Ferro, de Santa Ana, Califórnia, declarou-se culpado de conspiração para participar de uma organização criminosa influenciada por extorsão, após sua prisão em 13 de maio de 2025, onde as autoridades o encontraram em posse de duas armas de fogo e um documento de identificação falso. A Juíza do Tribunal Distrital dos EUA, Colleen Kollar-Kotelly, impôs a sentença, que também inclui US$ 2,5 milhões em restituição e três anos de liberdade supervisionada após seu período de prisão.
Em fevereiro de 2024, Ferro viajou para Winnsboro, Texas, onde invadiu a casa de uma vítima e roubou uma carteira de hardware contendo cerca de 100 BTC, então avaliados em mais de US$ 5 milhões.

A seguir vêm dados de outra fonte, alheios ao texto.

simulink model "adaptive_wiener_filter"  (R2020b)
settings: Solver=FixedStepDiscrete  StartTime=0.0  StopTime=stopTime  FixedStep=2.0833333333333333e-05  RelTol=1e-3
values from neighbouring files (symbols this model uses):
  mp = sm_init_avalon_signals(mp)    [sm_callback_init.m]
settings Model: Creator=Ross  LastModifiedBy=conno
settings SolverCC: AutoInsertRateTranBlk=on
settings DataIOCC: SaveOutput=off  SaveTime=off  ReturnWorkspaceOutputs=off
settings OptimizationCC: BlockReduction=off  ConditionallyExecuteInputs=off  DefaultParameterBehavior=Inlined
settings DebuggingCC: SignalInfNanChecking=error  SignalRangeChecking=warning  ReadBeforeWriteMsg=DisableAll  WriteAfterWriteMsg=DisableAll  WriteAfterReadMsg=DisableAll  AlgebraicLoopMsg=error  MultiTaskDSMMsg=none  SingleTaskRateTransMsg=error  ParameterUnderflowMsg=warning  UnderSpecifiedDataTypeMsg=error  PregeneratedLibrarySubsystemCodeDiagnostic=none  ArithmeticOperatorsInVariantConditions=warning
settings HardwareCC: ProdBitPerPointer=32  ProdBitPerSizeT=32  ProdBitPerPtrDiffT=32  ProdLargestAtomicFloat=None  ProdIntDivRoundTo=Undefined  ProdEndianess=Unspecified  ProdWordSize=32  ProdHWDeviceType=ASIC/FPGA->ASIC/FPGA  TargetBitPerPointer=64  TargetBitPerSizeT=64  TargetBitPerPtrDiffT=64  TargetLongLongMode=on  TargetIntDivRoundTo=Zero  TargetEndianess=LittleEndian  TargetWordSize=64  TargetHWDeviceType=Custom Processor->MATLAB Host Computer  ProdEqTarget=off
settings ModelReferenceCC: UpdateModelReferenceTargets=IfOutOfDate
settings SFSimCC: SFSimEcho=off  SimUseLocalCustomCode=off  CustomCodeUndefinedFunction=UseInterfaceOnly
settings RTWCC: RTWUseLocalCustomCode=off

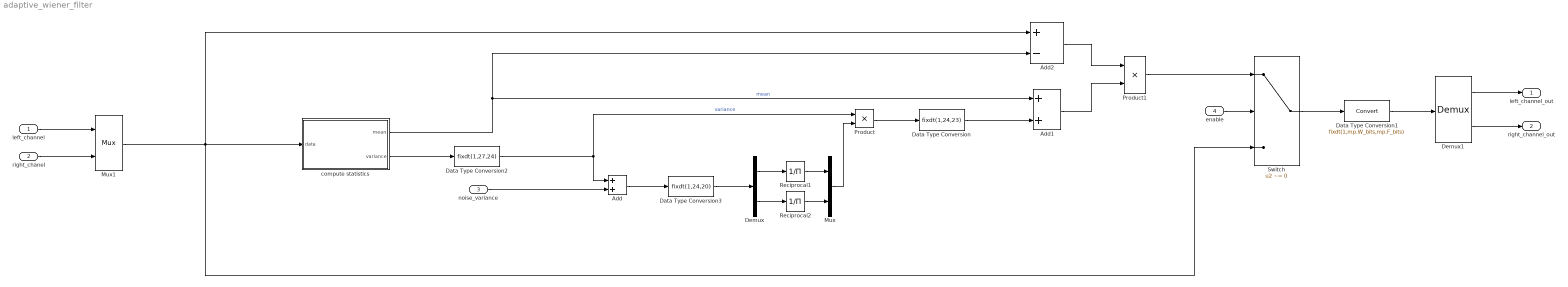
== system adaptive_wiener_filter ==
  left_channel : Inport  OutDataTypeStr=fixdt(1,24,23)  PortDimensions=1  SampleTime=[2.0833333333333333e-05,0]
  right_chanel : Inport  Port=2  OutDataTypeStr=fixdt(1,24,23)  PortDimensions=1  SampleTime=[2.0833333333333333e-05,0]
  noise_variance : Inport  Port=3  OutDataTypeStr=fixdt(0,16,15)  PortDimensions=1  SampleTime=[2.0833333333333333e-05,0]
  enable : Inport  Port=4  OutDataTypeStr=boolean  PortDimensions=1  SampleTime=[2.0833333333333333e-05,0]
  Add : Sum
  Add1 : Sum
  Add2 : Sum  Inputs=+-
  Data Type Conversion : DataTypeConversion  OutDataTypeStr=fixdt(1,24,23)
  Data Type Conversion1 : DataTypeConversion  OutDataTypeStr=fixdt(1,mp.W_bits,mp.F_bits)
  Data Type Conversion2 : DataTypeConversion  OutDataTypeStr=fixdt(1,27,24)
  Data Type Conversion3 : DataTypeConversion  OutDataTypeStr=fixdt(1,24,20)
  Demux : Demux  Outputs=2
  Demux1 : Demux  Outputs=2
      settings: DisplayOption=none
  Mux : Mux  Inputs=2
  Mux1 : Mux  Inputs=2
  Product : Product
  Product1 : Product
  Reciprocal1 : Product  Inputs=/  RndMeth=Zero  SaturateOnIntegerOverflow=on
  Reciprocal2 : Product  Inputs=/  RndMeth=Zero  SaturateOnIntegerOverflow=on
  Switch : Switch  Criteria=u2 ~= 0
  compute statistics : Subsystem
  left_channel_out : Outport  OutDataTypeStr=fixdt(1,24,23)  PortDimensions=1  SampleTime=[2.0833333333333333e-05,0]
  right_channel_out : Outport  Port=2  OutDataTypeStr=fixdt(1,24,23)  PortDimensions=1  SampleTime=[2.0833333333333333e-05,0]
  wires:
  compute statistics/1(mean) -> Add1/1, Add2/2  "mean"
  Data Type Conversion/1 -> Add1/2
  Product/1 -> Data Type Conversion/1
  Data Type Conversion2/1 -> Product/1, Add/1  "variance"
  compute statistics/2(variance) -> Data Type Conversion2/1
  Add2/1 -> Product1/1
  Add1/1 -> Product1/2
  Product1/1 -> Switch/1
  Demux/1 -> Reciprocal1/1
  Demux/2 -> Reciprocal2/1
  Reciprocal2/1 -> Mux/2
  Reciprocal1/1 -> Mux/1
  enable/1 -> Switch/2
  noise_variance/1 -> Add/2
  Add/1 -> Data Type Conversion3/1
  Data Type Conversion3/1 -> Demux/1
  Mux/1 -> Product/2
  right_chanel/1 -> Mux1/2
  Mux1/1 -> compute statistics/1(data), Add2/1, Switch/3
  left_channel/1 -> Mux1/1
  Switch/1 -> Data Type Conversion1/1
  Data Type Conversion1/1 -> Demux1/1
  Demux1/1 -> left_channel_out/1
  Demux1/2 -> right_channel_out/1

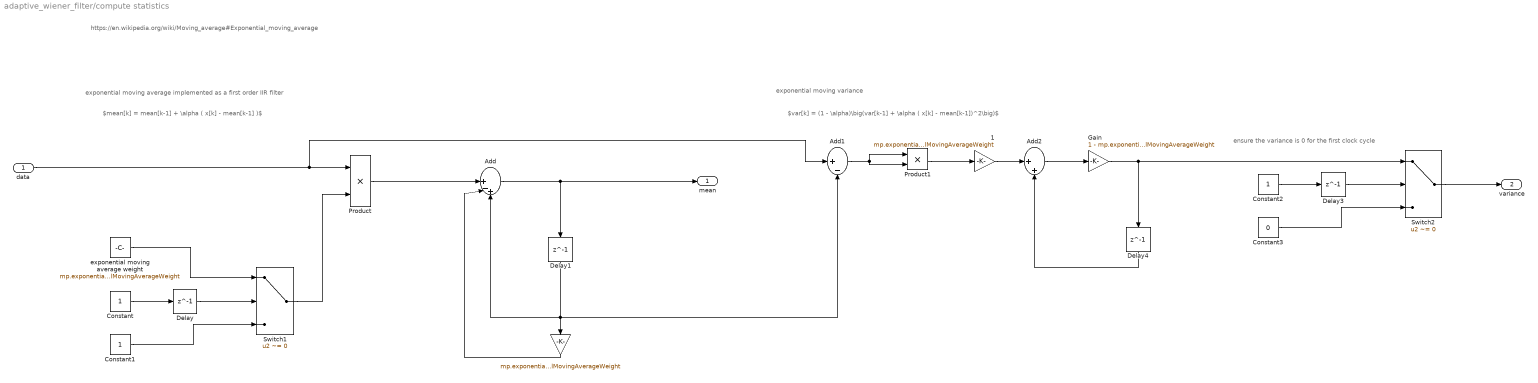
== system adaptive_wiener_filter/compute statistics ==
  note: $var[k] = (1 - \alpha)\big(var[k-1] + \alpha ( x[k] - mean[k-1])^2\big)$
  note: exponential moving average implemented as a first order IIR filter
  note: exponential moving variance
  note: $mean[k] = mean[k-1] + \alpha ( x[k] - mean[k-1] )$
  note: https://en.wikipedia.org/wiki/Moving_average#Exponential_moving_average
  note: ensure the variance is 0 for the first clock cycle
  data : Inport
  " " : Gain  Gain=mp.exponentialMovingAverageWeight  ParamDataTypeStr=Inherit: Inherit from 'Gain'  OutDataTypeStr=Inherit: Inherit via back propagation
  " 1" : Gain  Gain=mp.exponentialMovingAverageWeight  ParamDataTypeStr=Inherit: Inherit from 'Gain'  OutDataTypeStr=Inherit: Same as input
  Add : Sum  Inputs=||+-+  InputSameDT=on  OutDataTypeStr=Inherit: Same as first input
  Add1 : Sum  Inputs=|+-  InputSameDT=on  OutDataTypeStr=Inherit: Same as first input
  Add2 : Sum  Inputs=|++  InputSameDT=on
  Constant : Constant  OutDataTypeStr=boolean  SampleTime=-1
  Constant1 : Constant  OutDataTypeStr=Inherit: Inherit via back propagation  SampleTime=-1
  Constant2 : Constant  OutDataTypeStr=boolean  SampleTime=-1
  Constant3 : Constant  Value=0  OutDataTypeStr=Inherit: Inherit via back propagation  SampleTime=-1
  Delay{,1,3..4} (4 alike) : Delay  DelayLength=1  InitialCondition=0
  Gain : Gain  Gain=1 - mp.exponentialMovingAverageWeight  ParamDataTypeStr=Inherit: Inherit from 'Gain'  OutDataTypeStr=Inherit: Same as input
  Product : Product  OutDataTypeStr=Inherit: Same as first input
  Product1 : Product  OutMin=-2  OutMax=2  OutDataTypeStr=fixdt(1,50)
  Switch1 : Switch  Criteria=u2 ~= 0  InputSameDT=on
  Switch2 : Switch  Criteria=u2 ~= 0  InputSameDT=on
  exponential moving average weight : Constant  Value=mp.exponentialMovingAverageWeight  SampleTime=-1
  mean : Outport  InitialOutput=0
  variance : Outport  Port=2  InitialOutput=0
  wires:
  Delay4/1 -> Add2/2
  Gain/1 -> Delay4/1, Switch2/1
  Delay1/1 -> Add/3, " "/1, Add1/2
  Add/1 -> Delay1/1, mean/1
  " 1"/1 -> Add2/1
  Switch2/1 -> variance/1
  Constant3/1 -> Switch2/3
  Delay3/1 -> Switch2/2
  Constant2/1 -> Delay3/1
  data/1 -> Product/1, Add1/1
  Product1/1 -> " 1"/1
  exponential moving average weight/1 -> Switch1/1
  Product/1 -> Add/1
  Delay/1 -> Switch1/2
  Constant1/1 -> Switch1/3
  " "/1 -> Add/2
  Add1/1 -> Product1/1, Product1/2
  Add2/1 -> Gain/1
  Switch1/1 -> Product/2
  Constant/1 -> Delay/1

Cinco meses depois, no Novo México, ele realizou vigilância em outra residência antes de quebrar uma janela com um tijolo para procurar carteiras de hardware.
Ferro também atuou como o "principal lavador de dinheiro" do grupo, usando uma identidade fraudulenta para configurar um cartão de pagamento digital em uma "plataforma geo-bloqueada" não identificada, permitindo que os membros da organização gastassem seus lucros cripto ilícitos.
O próprio Ferro usou os lucros da criptomoeda roubada para financiar o estilo de vida luxuoso do grupo, gastando mais de US$ 255.000 em roupas de grife para seus co-conspiradores — incluindo bolsas Hermès Birkin para a namorada do líder do grupo, após a prisão e condenação deste em setembro de 2024. Ferro "continuou a ajudá-lo de fora", lavando centenas de milhares de dólares e usando os lucros para pagar os advogados do líder da conspiração.
"Este esquema combinou fraude online sofisticada com um roubo à moda antiga para drenar milhões de dólares em ativos digitais das vítimas", disse Pirro no anúncio da sentença, acrescentando que a sentença de Ferro "envia uma mensagem clara: fraude de criptomoeda não é um crime sem vítimas e sem consequências, realizado com segurança atrás de uma tela — é uma conduta criminosa séria que levará à prisão federal."